**Task prompt**
Without the pictures, set down the records below word for word.

::: Exercise input :::

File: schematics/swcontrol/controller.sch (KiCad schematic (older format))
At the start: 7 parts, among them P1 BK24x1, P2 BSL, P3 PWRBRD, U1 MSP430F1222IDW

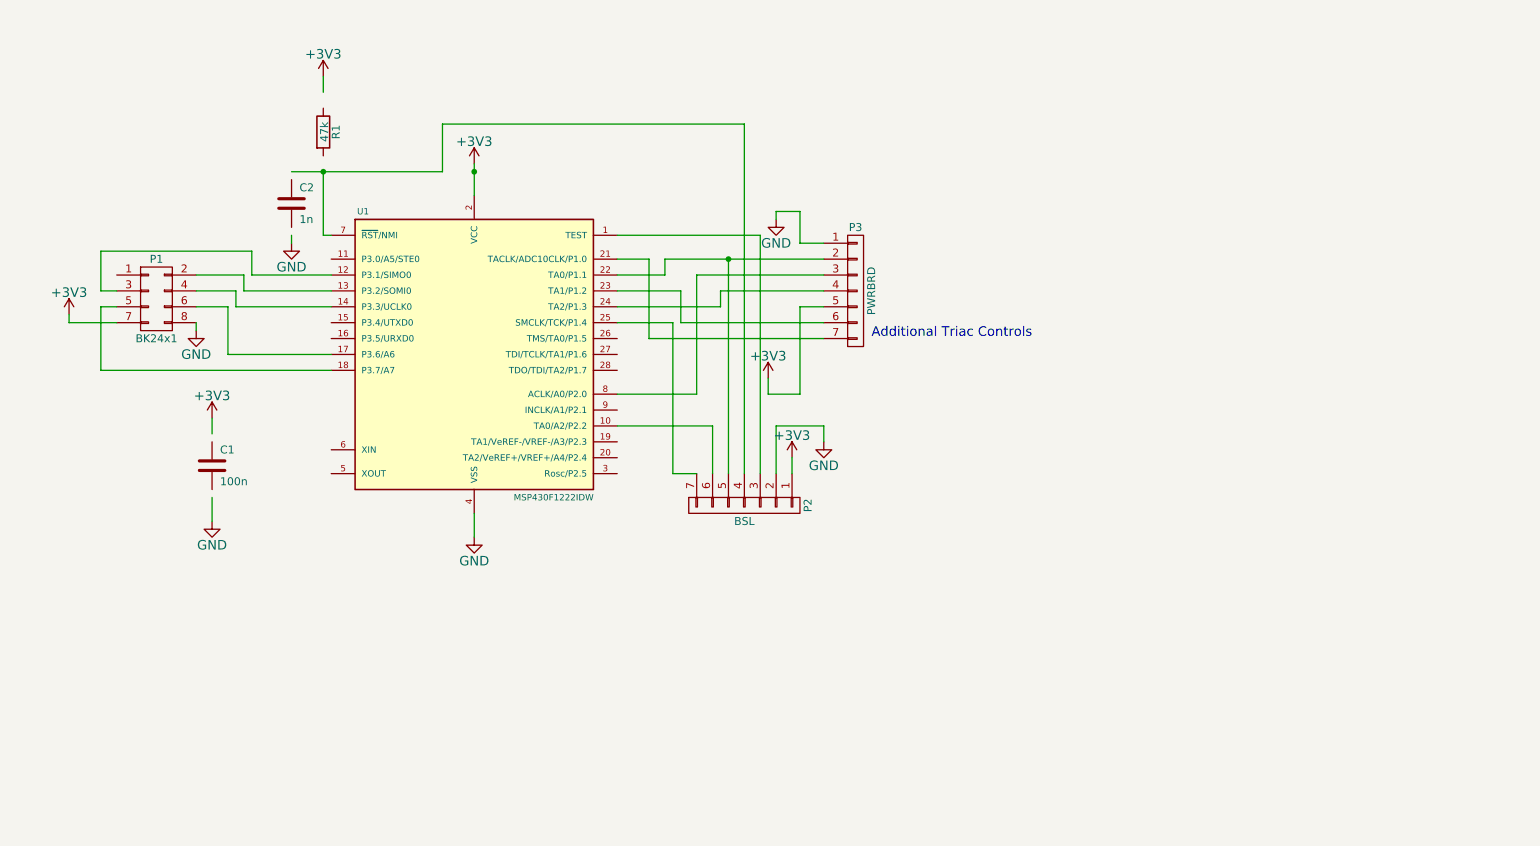
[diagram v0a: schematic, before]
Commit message: Changing uC
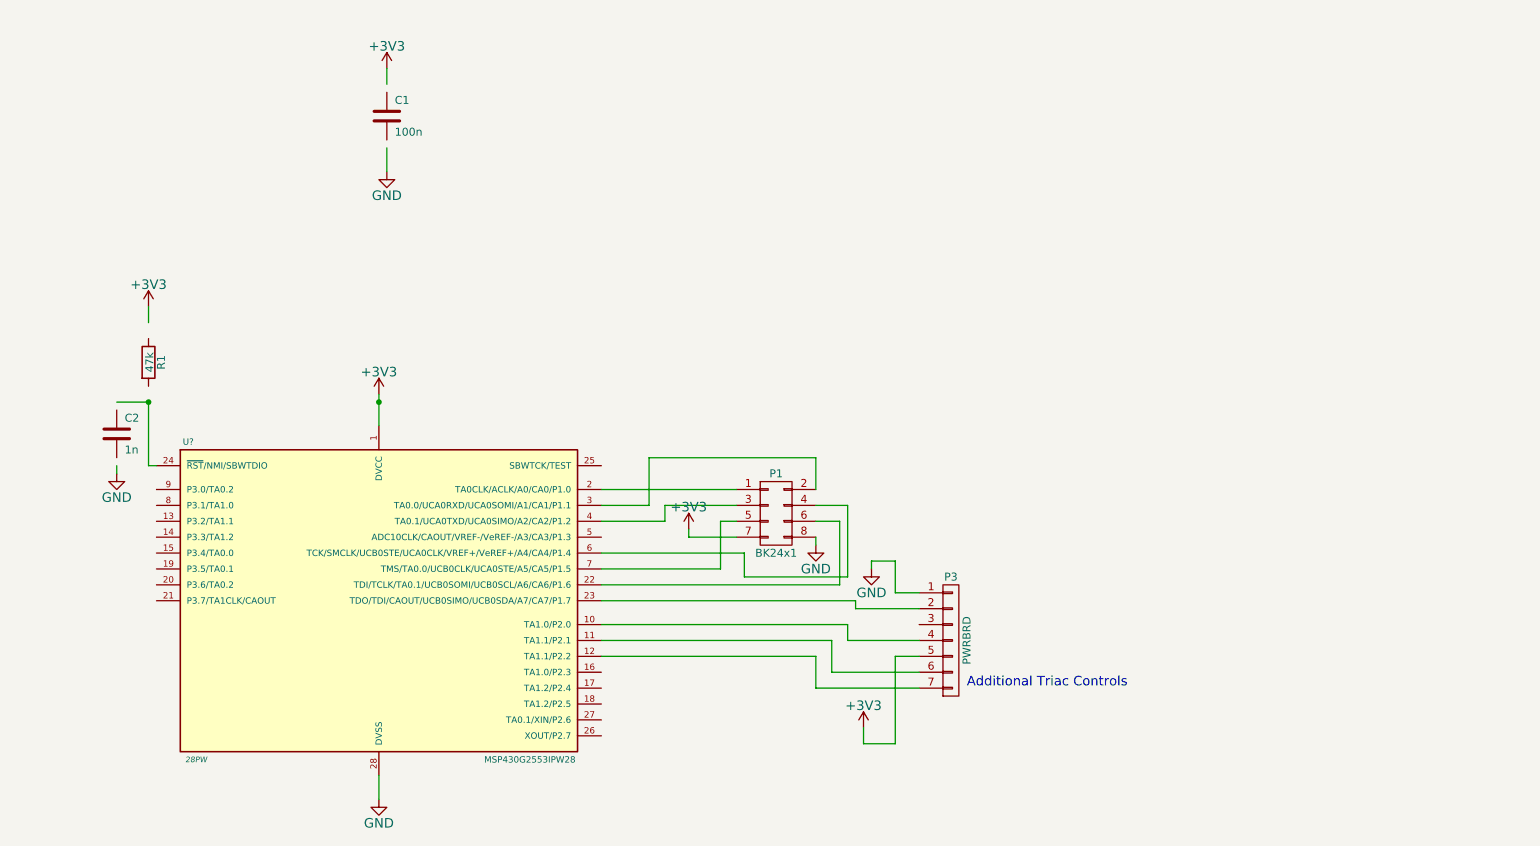
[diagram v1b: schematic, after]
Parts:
- removed P2: BSL, Pin_Headers:Pin_Header_Straight_1x07, symbol CONN_01X07
- removed U1: MSP430F1222IDW, SMD_Packages:SSOP-28, symbol MSP430F1222IDW
- added U?: MSP430G2553IPW28, 28PW, symbol MSP430G2553IPW28
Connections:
- wire segments 67 -> 51
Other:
- moved on the sheet: C1, C2, P1, P3, R1

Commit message: Fixed schematics
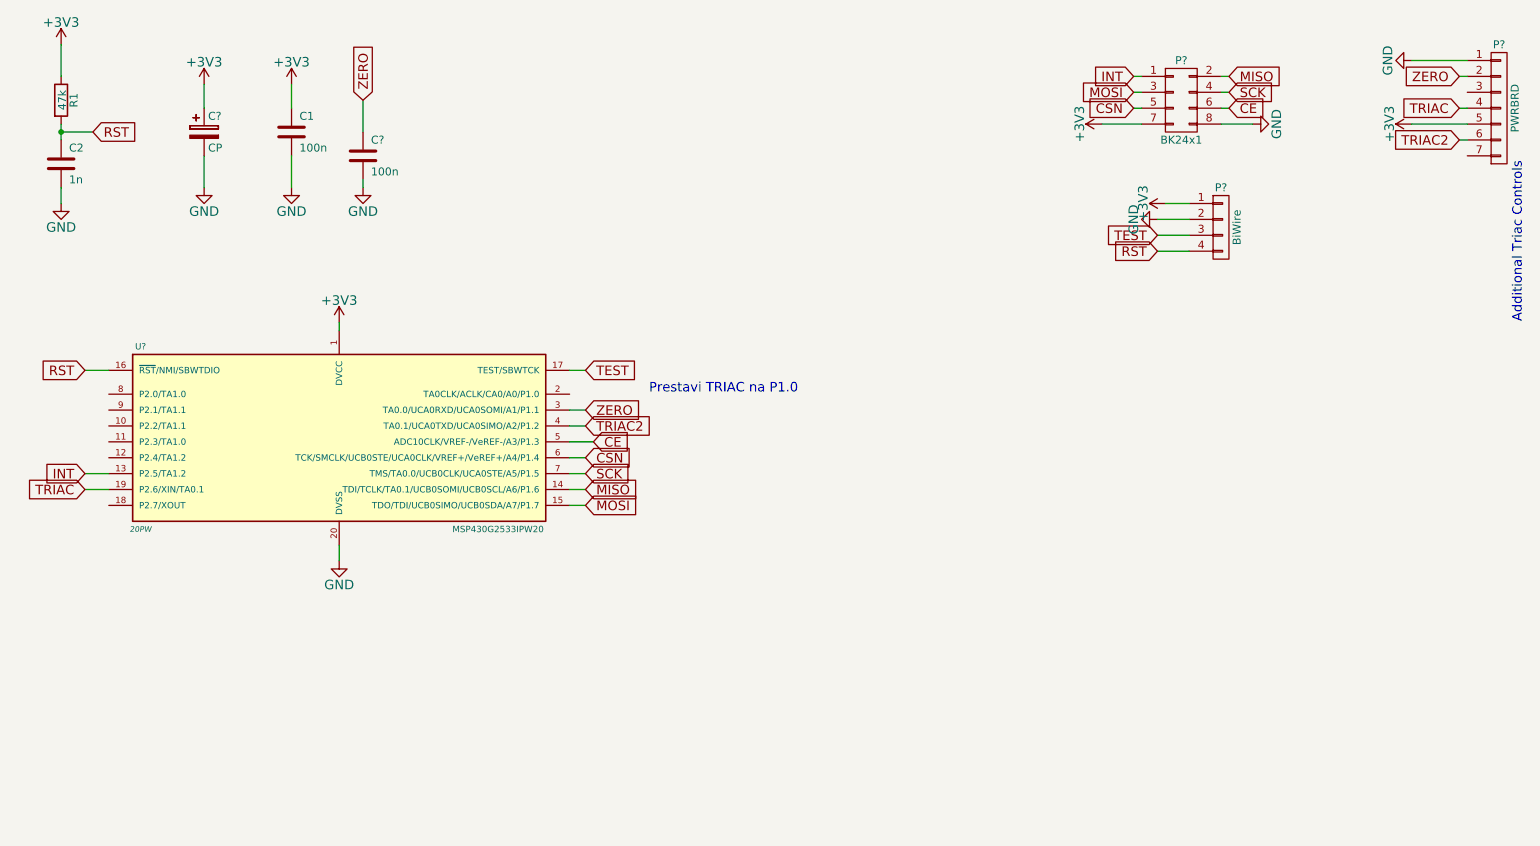
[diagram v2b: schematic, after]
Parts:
- removed P1: BK24x1, Pin_Headers:Pin_Header_Straight_2x04, symbol CONN_02X04
- removed P3: PWRBRD, Pin_Headers:Pin_Header_Straight_1x07, symbol CONN_01X07
- removed U?: MSP430G2553IPW28, 28PW, symbol MSP430G2553IPW28
- added C?: CP, symbol CP
- added C?: 100n, Capacitors_SMD:C_0805, symbol C
- added P?: BK24x1, Pin_Headers:Pin_Header_Straight_2x04, symbol CONN_02X04
- added P?: BiWire, symbol CONN_01X04
- added P?: PWRBRD, Pin_Headers:Pin_Header_Straight_1x07, symbol CONN_01X07
- added U?: MSP430G2533IPW20, 20PW, symbol MSP430G2533IPW20
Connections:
- net labels added: CE, CSN, INT, MISO, MOSI, RST, SCK, TEST, TRIAC, TRIAC2, ZERO
- wire segments 51 -> 40
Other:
- note added: "Prestavi TRIAC na P1.0\n"
- moved on the sheet: C1, C2, R1

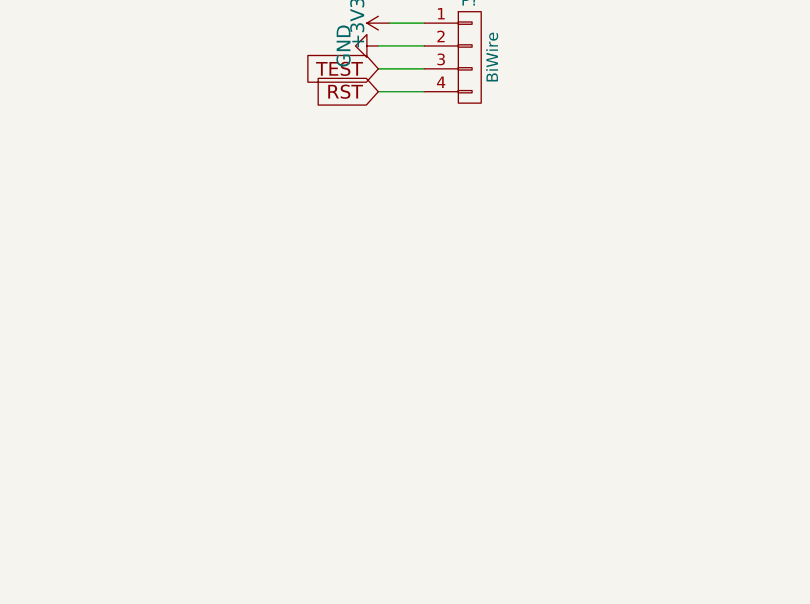
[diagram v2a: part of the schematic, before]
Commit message: Mini transceiver added on board
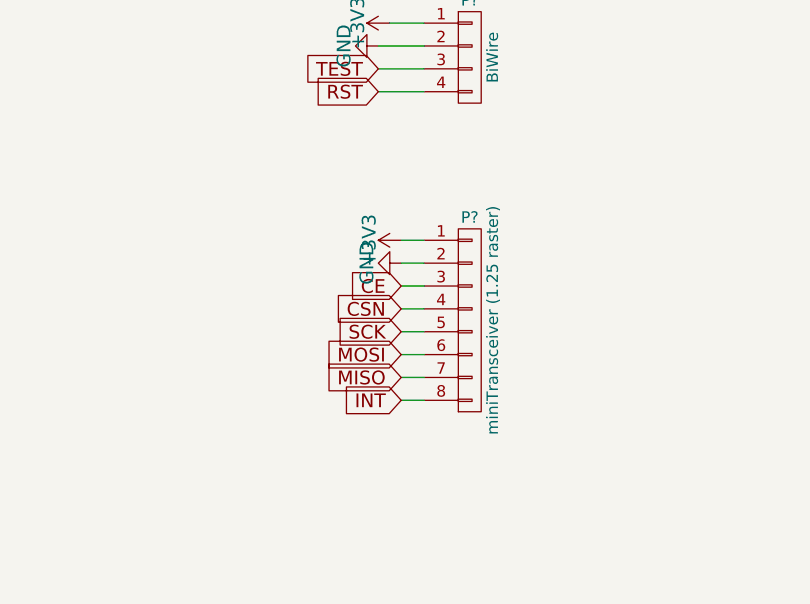
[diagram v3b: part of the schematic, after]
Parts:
- added P?: miniTransceiver (1.25 raster), symbol CONN_01X08
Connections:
- net +3V3: now also P?.1 (P1)
- net CE: now also P?.3 (P3)
- net CSN: now also P?.4 (P4)
- net GND: now also P?.2 (P2)
- net INT: now also P?.8 (P8)
- net MISO: now also P?.7 (P7)
- net MOSI: now also P?.6 (P6)
- net SCK: now also P?.5 (P5)
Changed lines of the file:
@@
 Wire Wire Line
 	8350 1050 8300 1050
+$Comp
+L CONN_01X08 P?
+U 1 1 55486003
+P 8850 3150
+F 0 "P?" H 8850 3600 50  0000 C CNN
+F 1 "miniTransceiver (1.25 raster)" V 8950 3150 50  0000 C CNN
+F 2 "" H 8850 3150 60  0000 C CNN
+F 3 "" H 8850 3150 60  0000 C CNN
+	1    8850 3150
+	1    0    0    -1
+$EndComp
+$Comp
+L +3V3 #PWR?
+U 1 1 55486133
+P 8550 2800
+F 0 "#PWR?" H 8550 2650 60  0001 C CNN
+F 1 "+3V3" H 8550 2940 60  0000 C CNN
+F 2 "" H 8550 2800 60  0000 C CNN
+F 3 "" H 8550 2800 60  0000 C CNN
+	1    8550 2800
+	0    -1   -1   0
+$EndComp
+$Comp
+L GND #PWR?
+U 1 1 5548615C
+P 8550 2900
+F 0 "#PWR?" H 8550 2650 60  0001 C CNN
+F 1 "GND" H 8550 2750 60  0000 C CNN
+F 2 "" H 8550 2900 60  0000 C CNN
+F 3 "" H 8550 2900 60  0000 C CNN
+	1    8550 2900
+	0    1    1    0
+$EndComp
+Text GLabel 8550 3000 0    60   Input ~ 0
+CE
+Text GLabel 8550 3100 0    60   Input ~ 0
+CSN
+Text GLabel 8550 3200 0    60   Input ~ 0
+SCK
+Text GLabel 8550 3300 0    60   Input ~ 0
+MOSI
+Text GLabel 8550 3400 0    60   Input ~ 0
+MISO
+Text GLabel 8550 3500 0    60   Input ~ 0
+INT
+Wire Wire Line
+	8550 3000 8650 3000
+Wire Wire Line
+	8550 3100 8650 3100
+Wire Wire Line
+	8550 3200 8650 3200
+Wire Wire Line
+	8550 3300 8650 3300
+Wire Wire Line
+	8550 3400 8650 3400
+Wire Wire Line
+	8550 3500 8650 3500
+Wire Wire Line
+	8550 2900 8650 2900
+Wire Wire Line
+	8550 2800 8650 2800
 $EndSCHEMATC

:::

**Task solution**
File: schematics/swcontrol/controller.sch (KiCad schematic (older format))
At the start: 7 parts, among them P1 BK24x1, P2 BSL, P3 PWRBRD, U1 MSP430F1222IDW

[diagram v0a: schematic, before]
Commit message: Changing uC
[diagram v1b: schematic, after]
Parts:
- removed P2: BSL, Pin_Headers:Pin_Header_Straight_1x07, symbol CONN_01X07
- removed U1: MSP430F1222IDW, SMD_Packages:SSOP-28, symbol MSP430F1222IDW
- added U?: MSP430G2553IPW28, 28PW, symbol MSP430G2553IPW28
Connections:
- wire segments 67 -> 51
Other:
- moved on the sheet: C1, C2, P1, P3, R1

Commit message: Fixed schematics
[diagram v2b: schematic, after]
Parts:
- removed P1: BK24x1, Pin_Headers:Pin_Header_Straight_2x04, symbol CONN_02X04
- removed P3: PWRBRD, Pin_Headers:Pin_Header_Straight_1x07, symbol CONN_01X07
- removed U?: MSP430G2553IPW28, 28PW, symbol MSP430G2553IPW28
- added C?: CP, symbol CP
- added C?: 100n, Capacitors_SMD:C_0805, symbol C
- added P?: BK24x1, Pin_Headers:Pin_Header_Straight_2x04, symbol CONN_02X04
- added P?: BiWire, symbol CONN_01X04
- added P?: PWRBRD, Pin_Headers:Pin_Header_Straight_1x07, symbol CONN_01X07
- added U?: MSP430G2533IPW20, 20PW, symbol MSP430G2533IPW20
Connections:
- net labels added: CE, CSN, INT, MISO, MOSI, RST, SCK, TEST, TRIAC, TRIAC2, ZERO
- wire segments 51 -> 40
Other:
- note added: "Prestavi TRIAC na P1.0\n"
- moved on the sheet: C1, C2, R1

[diagram v2a: part of the schematic, before]
Commit message: Mini transceiver added on board
[diagram v3b: part of the schematic, after]
Parts:
- added P?: miniTransceiver (1.25 raster), symbol CONN_01X08
Connections:
- net +3V3: now also P?.1 (P1)
- net CE: now also P?.3 (P3)
- net CSN: now also P?.4 (P4)
- net GND: now also P?.2 (P2)
- net INT: now also P?.8 (P8)
- net MISO: now also P?.7 (P7)
- net MOSI: now also P?.6 (P6)
- net SCK: now also P?.5 (P5)
Changed lines of the file:
@@
 Wire Wire Line
 	8350 1050 8300 1050
+$Comp
+L CONN_01X08 P?
+U 1 1 55486003
+P 8850 3150
+F 0 "P?" H 8850 3600 50  0000 C CNN
+F 1 "miniTransceiver (1.25 raster)" V 8950 3150 50  0000 C CNN
+F 2 "" H 8850 3150 60  0000 C CNN
+F 3 "" H 8850 3150 60  0000 C CNN
+	1    8850 3150
+	1    0    0    -1
+$EndComp
+$Comp
+L +3V3 #PWR?
+U 1 1 55486133
+P 8550 2800
+F 0 "#PWR?" H 8550 2650 60  0001 C CNN
+F 1 "+3V3" H 8550 2940 60  0000 C CNN
+F 2 "" H 8550 2800 60  0000 C CNN
+F 3 "" H 8550 2800 60  0000 C CNN
+	1    8550 2800
+	0    -1   -1   0
+$EndComp
+$Comp
+L GND #PWR?
+U 1 1 5548615C
+P 8550 2900
+F 0 "#PWR?" H 8550 2650 60  0001 C CNN
+F 1 "GND" H 8550 2750 60  0000 C CNN
+F 2 "" H 8550 2900 60  0000 C CNN
+F 3 "" H 8550 2900 60  0000 C CNN
+	1    8550 2900
+	0    1    1    0
+$EndComp
+Text GLabel 8550 3000 0    60   Input ~ 0
+CE
+Text GLabel 8550 3100 0    60   Input ~ 0
+CSN
+Text GLabel 8550 3200 0    60   Input ~ 0
+SCK
+Text GLabel 8550 3300 0    60   Input ~ 0
+MOSI
+Text GLabel 8550 3400 0    60   Input ~ 0
+MISO
+Text GLabel 8550 3500 0    60   Input ~ 0
+INT
+Wire Wire Line
+	8550 3000 8650 3000
+Wire Wire Line
+	8550 3100 8650 3100
+Wire Wire Line
+	8550 3200 8650 3200
+Wire Wire Line
+	8550 3300 8650 3300
+Wire Wire Line
+	8550 3400 8650 3400
+Wire Wire Line
+	8550 3500 8650 3500
+Wire Wire Line
+	8550 2900 8650 2900
+Wire Wire Line
+	8550 2800 8650 2800
 $EndSCHEMATC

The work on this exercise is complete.